**Problem statement:**
Take every line of the material below that includes the string "Decibels" and copy it out.

-------

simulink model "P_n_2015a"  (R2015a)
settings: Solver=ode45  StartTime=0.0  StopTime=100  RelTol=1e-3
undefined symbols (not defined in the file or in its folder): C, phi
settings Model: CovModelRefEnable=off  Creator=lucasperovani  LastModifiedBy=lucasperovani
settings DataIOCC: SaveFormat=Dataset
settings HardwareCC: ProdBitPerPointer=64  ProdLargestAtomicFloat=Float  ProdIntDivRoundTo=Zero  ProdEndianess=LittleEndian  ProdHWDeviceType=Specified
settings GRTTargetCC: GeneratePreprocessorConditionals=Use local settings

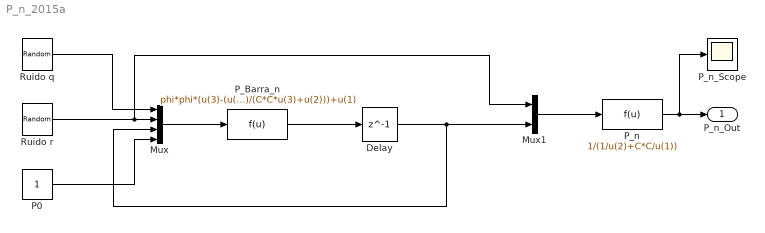
== system P_n_2015a ==
  Delay : Delay  DelayLength=1  InitialCondition=0
  Mux : Mux
  Mux1 : Mux  Inputs=2
  P0 : Constant  SampleTime=1
  P_Barra_n : Fcn  Expr=phi*phi*(u(3)-(u(3)*u(3)*C*C)/(C*C*u(3)+u(2)))+u(1)
  P_n : Fcn  Expr=1/(1/u(2)+C*C/u(1))
  "P_n_Scope " : Scope
      settings: TimeRange=auto  MaxDataPoints=5000  SaveToWorkspace=off  SaveName=ScopeData  YMin=-606.22567  YMax=675.8399  SampleTime=-1
  Ruido q : UniformRandomNumber  SampleTime=0.1
  Ruido r : UniformRandomNumber  SampleTime=0.1
  P_n_Out : Outport
  wires:
  P_Barra_n/1 -> Delay/1
  Mux/1 -> P_Barra_n/1
  Delay/1 -> Mux1/2, Mux/3
  Ruido r/1 -> Mux1/1, Mux/2
  Ruido q/1 -> Mux/1
  Mux1/1 -> P_n/1
  P_n/1 -> "P_n_Scope "/1, P_n_Out/1
  P0/1 -> Mux/4
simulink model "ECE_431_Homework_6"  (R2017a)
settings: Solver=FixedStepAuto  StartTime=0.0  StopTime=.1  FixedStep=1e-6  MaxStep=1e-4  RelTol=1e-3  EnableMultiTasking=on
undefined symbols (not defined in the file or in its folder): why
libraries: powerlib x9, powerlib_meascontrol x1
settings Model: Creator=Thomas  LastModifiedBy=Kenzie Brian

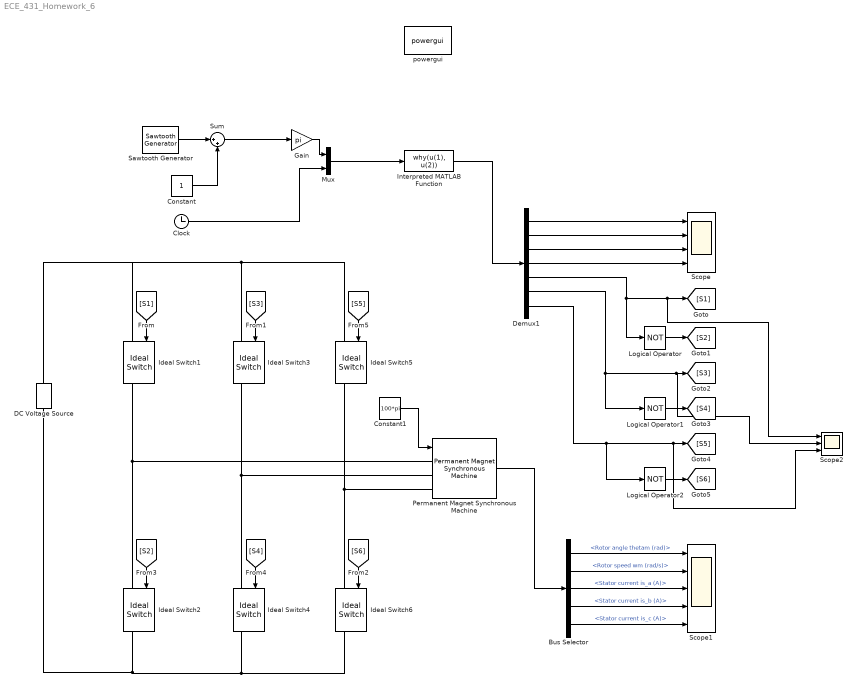
== system ECE_431_Homework_6 ==
  Bus Selector : BusSelector  OutputSignals=Rotor angle thetam (rad),Rotor speed wm (rad/s),Stator current is_a (A),Stator current is_b (A),Stator current is_c (A)
  Clock : Clock
      settings: Decimation=10000
  Constant : Constant
  Constant1 : Constant  Value=100*pi
  DC Voltage Source : powerlib/Electrical Sources/DC Voltage Source  Amplitude=280  Measurements=None
  Demux1 : Demux  Outputs=7
  Gain : Gain  Gain=pi
  Ideal Switch{1..6} (6 alike) : powerlib/Power Electronics/Ideal Switch  Ron=.01  Lon=0  IC=0  Rs=1e5  Cs=inf  Measurements=on
  Interpreted MATLAB Function : MATLABFcn  MATLABFcn=why(u(1), u(2))  Output1D=off
  Logical Operator : Logic  Operator=NOT  AllPortsSameDT=off  OutDataTypeStr=boolean
  Logical Operator1 : Logic  Operator=NOT  AllPortsSameDT=off  OutDataTypeStr=boolean
  Logical Operator2 : Logic  Operator=NOT  AllPortsSameDT=off  OutDataTypeStr=boolean
  Mux : Mux  Inputs=2
  Permanent Magnet Synchronous Machine : powerlib/Machines/Permanent Magnet Synchronous Machine  NbPhases=3  FluxDistribution=Sinusoidal  RotorType=Round  MechanicalLoad=Speed w  PresetModel=No  ShowDetailedParameters=on  MeasurementBus=off  Resistance=0.02  Inductance=8.5e-3  dqInductances=[8.5e-3,8.5e-3]  La=0.0002  MachineConstant=Flux linkage established by magnets (V.s)  Flux=0.03  VoltageCst=21.7656  TorqueCst=0.18  Flat=120  Mechanical=[0.1 0.003 8 0]  PolePairs=4  InitialConditions=[100*pi,0, 0,0]  InitialConditions5ph=[0 0 0 0 0 0]  TsPowergui=0  TsBlock=-1  RefAngle=90 degrees behind phase A axis (modified Park)
      settings: SourceProductName=Simscape Power Systems
  Sawtooth Generator : powerlib_meascontrol/Pulse & Signal Generators/Sawtooth Generator  Freq=100  Phase=180  Ts=0
      settings: SourceProductName=Simscape Power Systems
  Scope : Scope  NumInputPorts=4
  Scope1 : Scope  NumInputPorts=5
  Scope2 : Scope  NumInputPorts=3
  Sum : Sum  Inputs=|++
  powergui : powerlib/powergui  Priority=1  SimulationMode=Discrete  SampleTime=1e-6  frequency=60  Iterations=50  frequencyindice=0  Pbase=100e6  ErrMax=1e-4  UnitsV=kV  UnitsW=MW  buscounter=0  FunctionMessages=off  echomessages=off  EnableUseOfTLC=off  CurrentSourceSwitches=off  DisableSnubberDevices=off  DisableRonSwitches=off  DisableVfSwitches=off  DisplayEquations=off  SolverType=Tustin/Backward Euler (TBE)  Interpol=off  ExternalGateDelay=off  methode=off  Ts=100  x0status=blocks  SPID=off  SwTol=0  HookPort=off  RestoreLinks=warning  ResistiveCurrentMeasurement=off  Frange=[0:2:500]  Ylog=off  Xlog=on  ShowGrid=off  save=off  variable=ZData  structure=0  ZoomFFT=off  StartTime=0.0  cycles=1  DisplayStyle=1  fundamental=60  FreqAxis=off  MaxFrequency=1000  frequencyindicesteady=1  RmsSteady=1  display=off
  wires:
  Sawtooth Generator/1 -> Sum/1
  Mux/1 -> Interpreted MATLAB Function/1
  Constant/1 -> Sum/2
  Clock/1 -> Mux/2
  Demux1/2 -> Scope/2
  Demux1/3 -> Scope/3
  Sum/1 -> Gain/1
  Demux1/1 -> Scope/1
  Interpreted MATLAB Function/1 -> Demux1/1
  Demux1/4 -> Scope/4
  Gain/1 -> Mux/1
  [S3] -> Ideal Switch3/1
  [S1] -> Ideal Switch1/1
  [S5] -> Ideal Switch5/1
  [S2] -> Ideal Switch2/1
  [S4] -> Ideal Switch4/1
  [S6] -> Ideal Switch6/1
  Logical Operator/1 -> [S2]
  Logical Operator2/1 -> [S6]
  Logical Operator1/1 -> [S4]
  Demux1/6 -> Scope2/2, [S3], Logical Operator1/1
  Demux1/5 -> Scope2/1, [S1], Logical Operator/1
  Demux1/7 -> Scope2/3, [S5], Logical Operator2/1
  Permanent Magnet Synchronous Machine/1 -> Bus Selector/1
  Bus Selector/1 -> Scope1/1  "<Rotor angle thetam (rad)>"
  Bus Selector/2 -> Scope1/2  "<Rotor speed wm (rad/s)>"
  Bus Selector/3 -> Scope1/3  "<Stator current is_a (A)>"
  Bus Selector/4 -> Scope1/4  "<Stator current is_b (A)>"
  Bus Selector/5 -> Scope1/5  "<Stator current is_c (A)>"
  Constant1/1 -> Permanent Magnet Synchronous Machine/1
  connections:
  Ideal Switch2/LConn1 -- Permanent Magnet Synchronous Machine/LConn1 -- Ideal Switch1/RConn1
  Ideal Switch3/RConn1 -- Permanent Magnet Synchronous Machine/LConn2 -- Ideal Switch4/LConn1
  Ideal Switch6/LConn1 -- Permanent Magnet Synchronous Machine/LConn3 -- Ideal Switch5/RConn1
  Ideal Switch5/LConn1 -- DC Voltage Source/RConn1 -- Ideal Switch1/LConn1 -- Ideal Switch3/LConn1
  Ideal Switch2/RConn1 -- DC Voltage Source/LConn1 -- Ideal Switch6/RConn1 -- Ideal Switch4/RConn1
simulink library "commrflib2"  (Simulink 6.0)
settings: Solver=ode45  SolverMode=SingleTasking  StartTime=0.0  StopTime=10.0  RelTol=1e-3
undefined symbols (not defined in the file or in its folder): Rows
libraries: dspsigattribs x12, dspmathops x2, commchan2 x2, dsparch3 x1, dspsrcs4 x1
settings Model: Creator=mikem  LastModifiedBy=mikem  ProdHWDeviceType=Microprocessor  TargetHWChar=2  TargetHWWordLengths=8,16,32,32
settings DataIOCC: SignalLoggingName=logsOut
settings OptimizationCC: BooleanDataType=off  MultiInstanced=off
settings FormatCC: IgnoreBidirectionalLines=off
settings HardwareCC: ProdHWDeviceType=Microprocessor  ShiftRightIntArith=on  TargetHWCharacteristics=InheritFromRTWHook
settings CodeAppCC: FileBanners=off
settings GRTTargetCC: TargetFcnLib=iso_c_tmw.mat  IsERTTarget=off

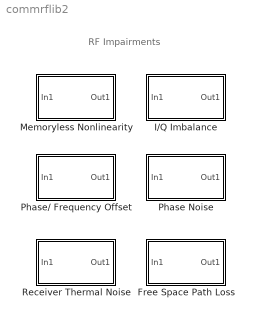
== system commrflib2 ==
  note: RF Impairments
  Free Space Path Loss : Subsystem  mask(Free Space Path Loss){mode=Distance and Frequency, dB=10, d=0.100, fc=1920}
      mask prompts: dB "Loss (dB):"; d "Distance (km):"; fc "Carrier frequency (MHz):"
      mask help:
      | Reduce the amplitude of the input signal by the amount specified.  The loss can be specified directly using the "Decibels" mode, or indirectly using the "Distance and Frequency" mode.
      |
      | The reciprocal of the loss is applied as a gain, e.g., a loss of +20 dB, which reduces the signal by a factor of 10, corresponds to a gain value of 0.1.
      |
      | Note:  The decibel amount shown on the mask is rounded for display purposes only.
      mask init:
      | if mode == 1
      | 
      | 	loss = 10.^(0.05*dB);
      | 
      | else
      | 
      | 	c = 299792458;
      | 
      | 	loss = 4*pi*d*1e3*fc*1e6/c;
      | 
      | end
      | 
      | g = 1/loss;
      | 
      | lossdB = 20*log10(loss);
      | 
      | 
      | 
      | if isempty(dB) | (sum(size(dB)) > 2),
      | 
      | 	dB = 0; g = 0;
      | 
      | 	s = ['Free Space\nPath Loss'];
      | 
      | else
      | 
      | 	s = sprintf('Free Space\nPath Loss\n%0.0f dB',lossdB);
      | 
      | end
      mask Help: helpview(commbhelp)
      mask StyleString: popup(Decibels|Distance and Frequency),edit,edit,edit
      mask CallbackString:
      | if strcmp(get_param(gcb,'mode'),'Decibels'),
      | 
      | 	set_param(gcb,'maskvisibilities',{'on' 'on' 'off' 'off'});
      | 
      | else
      | 
      | 	set_param(gcb,'maskvisibilities',{'on' 'off' 'on' 'on'});
      | 
      | end|||
      mask Display: fprintf(s)
  I/Q Imbalance : Subsystem  mask(I/Q Imbalance){ampImbal=0, phsImbal=0, Idc=0, Qdc=0}
      mask prompts: ampImbal "I/Q amplitude imbalance (dB):"; phsImbal "I/Q phase imbalance (deg):"; Idc "I dc offset:"; Qdc "Q dc offset:"
      mask help: Complex baseband model of the signal impairments caused by imbalances between in-phase and quadrature receiver components.
      mask init:
      | Igain = 10.^(0.5*[ampImbal]*.05);
      | Qgain = 10.^(0.5*[-ampImbal]*.05);
      mask Help: helpview(commbhelp)
      mask Display: disp('I/Q\nImbalance');
  Memoryless Nonlinearity : Subsystem  mask(Memoryless Nonlinearity){model_select=Cubic polynomial, linGaindB=0, GindB=0, iip3=30, am2pm=0, amam=[2.1587 1.1517], ampm=[4.0033 9.1040], x=[8.1081 1.5413 6.5202 -0.0718], y=[4.6645 2.0965 10.88 -0.003], p=0.5, GoutdB=0, vsat=1}
      mask prompts: model_select "Method:"; linGaindB "Linear gain (dB):"; GindB "Input scaling (dB):"; iip3 "IIP3 (dBm):"; am2pm "AM/PM conversion (degrees per dB):"; amam "AM/AM parameters [alpha beta]:"; ampm "AM/PM parameters [alpha beta]:"; x "AM/AM parameters [x1 x2 x3 x4]:"; y "AM/PM parameters [y1 y2 y3 y4]:"; p "Smoothness factor:"; GoutdB "Output scaling (dB):"; vsat "Output saturation level:"
      mask help:
      | Complex baseband model of memoryless nonlinearity.
      |
      | Two of the five methods (Cubic Polynomial and Hyperbolic Tangent) fit curves to measured data provided by the gain and third order intercept point (IIP3) parameters.
      |
      | The other three methods use models originated by Saleh, Ghorbani, and Rapp.  The Saleh and Ghorbani models are based on normalized nonlinear transfer functions.  Use the Input scaling and Output scaling parameters to adjust signal levels up or down from their normalized values.
      mask init:
      | switch model_select
      | case 'Cubic polynomial'
      |     str = ['Cubic\nPolynomial'];
      |     method = 1;
      | 	c1 = 10^(linGaindB/20);
      |     inputGain = sqrt(3/(10^((iip3-30)/10)));
      |     outputGain = c1/inputGain;
      | case 'Hyperbolic tangent'
      |     str = ['Hyperbolic\nTangent'];
      |     method = 2;
      | 	c1 = 10^(linGaindB/20);
      |     inputGain = sqrt(3/(10^((iip3-30)/10)));
      |     outputGain = c1/inputGain;
      | case 'Saleh model',
      |     str = ['Saleh\nModel'];
      |     method = 3;
      |     inputGain = 10^(GindB/20);
      |     outputGain = 10^(GoutdB/20);
      | case 'Ghorbani model',
      |     str = ['Ghorbani\nModel'];
      |     method = 4;
      |     inputGain = 10^(GindB/20);
      |     outputGain = 10^(GoutdB/20);
      | case 'Rapp model',
      |     str = ['Rapp\nModel'];
      |     method = 5;
      | 	c1 = 10^(linGaindB/20);
      |     inputGain = c1;
      |     outputGain = 1;
      | end
      mask Help: helpview(commbhelp)
      mask StyleString: popup(Cubic polynomial|Hyperbolic tangent|Saleh model|Ghorbani model|Rapp model),edit,edit,edit,edit,edit,edit,edit,edit,edit,edit,edit
      mask CallbackString:
      | model_type = get_param(gcb,'model_select');
      | 
      | switch model_type
      | 
      | case 'Cubic polynomial',
      | 
      | 	set_param(gcb,'maskvisibilities',{'on' 'on' 'off' 'on' 'on' 'off' 'off' 'off' 'off' 'off' 'off' 'off'});
      | 
      | case 'Hyperbolic tangent',
      | 
      | 	set_param(gcb,'maskvisibilities',{'on' 'on' 'off' 'on' 'on' 'off' 'off' 'off' 'off' 'off' 'off' 'off'});
      | 
      | case 'Saleh model',
      | 
      | 	set_param(gcb,'maskvisibilities',{'on' 'off' 'on' 'off' 'off' 'on' 'on' 'off' 'off' 'off' 'on' 'off'});
      | 
      | case 'Ghorbani model',
      | 
      | 	set_param(gcb,'maskvisibilities',{'on' 'off' 'on' 'off' 'off' 'off' 'off' 'on' 'on' 'off' 'on' 'off'});
      | 
      | case 'Rapp model',
      | 
      | 	set_param(gcb,'maskvisibilities',{'on' 'on' 'off' 'off' 'off' 'off' 'off' 'off' 'off' 'on' 'off' 'on'});
      | 
      | end|||||||||||
      mask Display: disp(str);
  Phase Noise : Subsystem  mask(Phase Noise){PhNs=-120, Fo=100, seed=2137}
      mask prompts: PhNs "Phase noise level (dBc/Hz):"; Fo "Frequency offset (Hz):"; seed "Initial seed:"
      mask help:
      | Complex baseband model of receiver phase noise.
      |
      | The output of this block is noise with a spectrum characterized by a 1/f slope.  The level of the spectrum is specified by the noise power contained in a one hertz bandwidth offset from the carrier by a certain frequency.
      mask init:
      | if PhNs>0,
      | 	error('Phase noise level should be negative.');
      | end
      | num = sqrt(2*pi*Fo*10^((PhNs)/10));
      | if num>.1,
      | 	warning('Current parameters in phase noise block may produce inaccurate results.');
      | end
      | num_taps = 64;
      | den = zeros(1,num_taps);
      | den(1) = 1;
      | for idx = 2:num_taps
      |    den(idx) = (idx - 2.5) * den(idx-1) / (idx-1);
      | end
      settings: AttributesFormatString=\n
      mask Help: helpview(commbhelp)
      mask Display: disp('Phase\nNoise');
  Phase/ Frequency Offset : Subsystem  mask(Phase/Frequency Offset){freqOffset=0, phaseOffset=0}
      mask prompts: freqOffset "Frequency offset (Hz):"; phaseOffset "Phase offset (deg):"
      mask help: Complex baseband model of residual phase and frequency offsets.
      mask Help: helpview(commbhelp)
      mask Display: disp('Phase/\nFrequency\nOffset');
  Receiver Thermal Noise : Subsystem  mask(Receiver Thermal Noise){method=Noise temperature, ntemp=290, nfigure=3.01, nfactor=2, seed=67987}
      mask prompts: method "Specification method:"; ntemp "Noise temperature (K):"; nfigure "Noise figure (dB):"; nfactor "Noise factor:"; seed "Initial seed:"
      mask help:
      | Complex baseband model of receiver thermal noise.
      |
      | The amount of noise added to the input signal may be specified either in terms of noise temperature, noise figure, or noise factor.
      mask init:
      | k=1.380650e-23; % Boltzmann's constant, J/K
      | 
      | switch method
      | case 'Noise temperature',
      | 	T = ntemp;
      | 	str = ['Noise\nTemperature\n' num2str(ntemp) ' K'];
      | case 'Noise figure',
      | 	nfactor = 10.^(0.1*nfigure);
      | 	T = 290*(nfactor-1);
      | 	str = ['Noise\nFigure\n' num2str(nfigure) ' dB'];
      | case 'Noise factor',
      | 	T = 290*(nfactor-1);
      | 	str = ['Noise\nFactor\n' num2str(nfactor)];
      | end
      | 
      | kT=k*T;
      mask Help: helpview(commbhelp)
      mask StyleString: popup(Noise temperature|Noise figure|Noise factor),edit,edit,edit,edit
      mask CallbackString:
      | method = get_param(gcb,'method');
      | 
      | switch method
      | 
      | case 'Noise temperature',
      | 
      | 	set_param(gcb,'maskvisibilities',{'on' 'on' 'off' 'off' 'on'});
      | 
      | case 'Noise figure',
      | 
      | 	set_param(gcb,'maskvisibilities',{'on' 'off' 'on' 'off' 'on'});
      | 
      | case 'Noise factor',
      | 
      | 	set_param(gcb,'maskvisibilities',{'on' 'off' 'off' 'on' 'on'});
      | 
      | end||||
      mask Display: disp(str);

== system commrflib2/Free Space Path Loss ==
  In1 : Inport
  Check Input Signal : Subsystem
      mask Display: disp('Check\nInput Signal');
  Gain : Gain  Gain=g  SaturateOnIntegerOverflow=on
  Out1 : Outport
  wires:
  In1/1 -> Check Input Signal/1(In1)
  Gain/1 -> Out1/1
  Check Input Signal/1(Out1) -> Gain/1

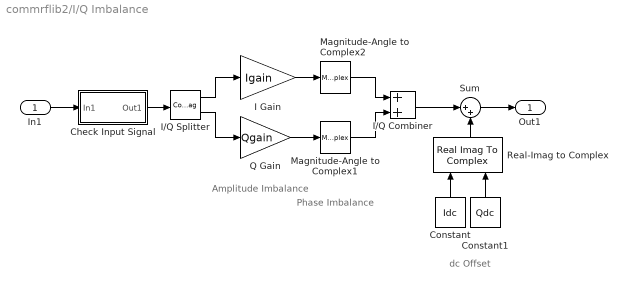
== system commrflib2/I/Q Imbalance ==
  note: Amplitude
      | Imbalance
  note: Phase
      | Imbalance
  note: dc
      | Offset
  In1 : Inport
  Check Input Signal : Subsystem
      mask Display: disp('Check\nInput Signal');
  Constant : Constant  Orientation=up  Value=Idc
  Constant1 : Constant  Orientation=up  Value=Qdc
  I Gain : Gain  Gain=Igain  SaturateOnIntegerOverflow=on
  I/Q Combiner : Sum  SaturateOnIntegerOverflow=on  InputSameDT=on
  I/Q Splitter : ComplexToRealImag
  Magnitude-Angle to Complex1 : MagnitudeAngleToComplex  Input=Magnitude  ConstantPart=pi/2+0.5*phsImbal*pi/180
  Magnitude-Angle to Complex2 : MagnitudeAngleToComplex  Input=Magnitude  ConstantPart=-0.5*phsImbal*pi/180
  Q Gain : Gain  Gain=Qgain  SaturateOnIntegerOverflow=on
  Real-Imag to Complex : RealImagToComplex  Orientation=up
  Sum : Sum  Inputs=|++  SaturateOnIntegerOverflow=on  InputSameDT=on
  Out1 : Outport
  wires:
  I/Q Splitter/1 -> I Gain/1
  I/Q Splitter/2 -> Q Gain/1
  I Gain/1 -> Magnitude-Angle to Complex2/1
  Q Gain/1 -> Magnitude-Angle to Complex1/1
  In1/1 -> Check Input Signal/1(In1)
  Sum/1 -> Out1/1
  Check Input Signal/1(Out1) -> I/Q Splitter/1
  Magnitude-Angle to Complex2/1 -> I/Q Combiner/1
  Magnitude-Angle to Complex1/1 -> I/Q Combiner/2
  I/Q Combiner/1 -> Sum/1
  Constant/1 -> Real-Imag to Complex/1
  Constant1/1 -> Real-Imag to Complex/2
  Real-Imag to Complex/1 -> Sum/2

-------

**Solution:**
      | Reduce the amplitude of the input signal by the amount specified.  The loss can be specified directly using the "Decibels" mode, or indirectly using the "Distance and Frequency" mode.
      mask StyleString: popup(Decibels|Distance and Frequency),edit,edit,edit
      | if strcmp(get_param(gcb,'mode'),'Decibels'),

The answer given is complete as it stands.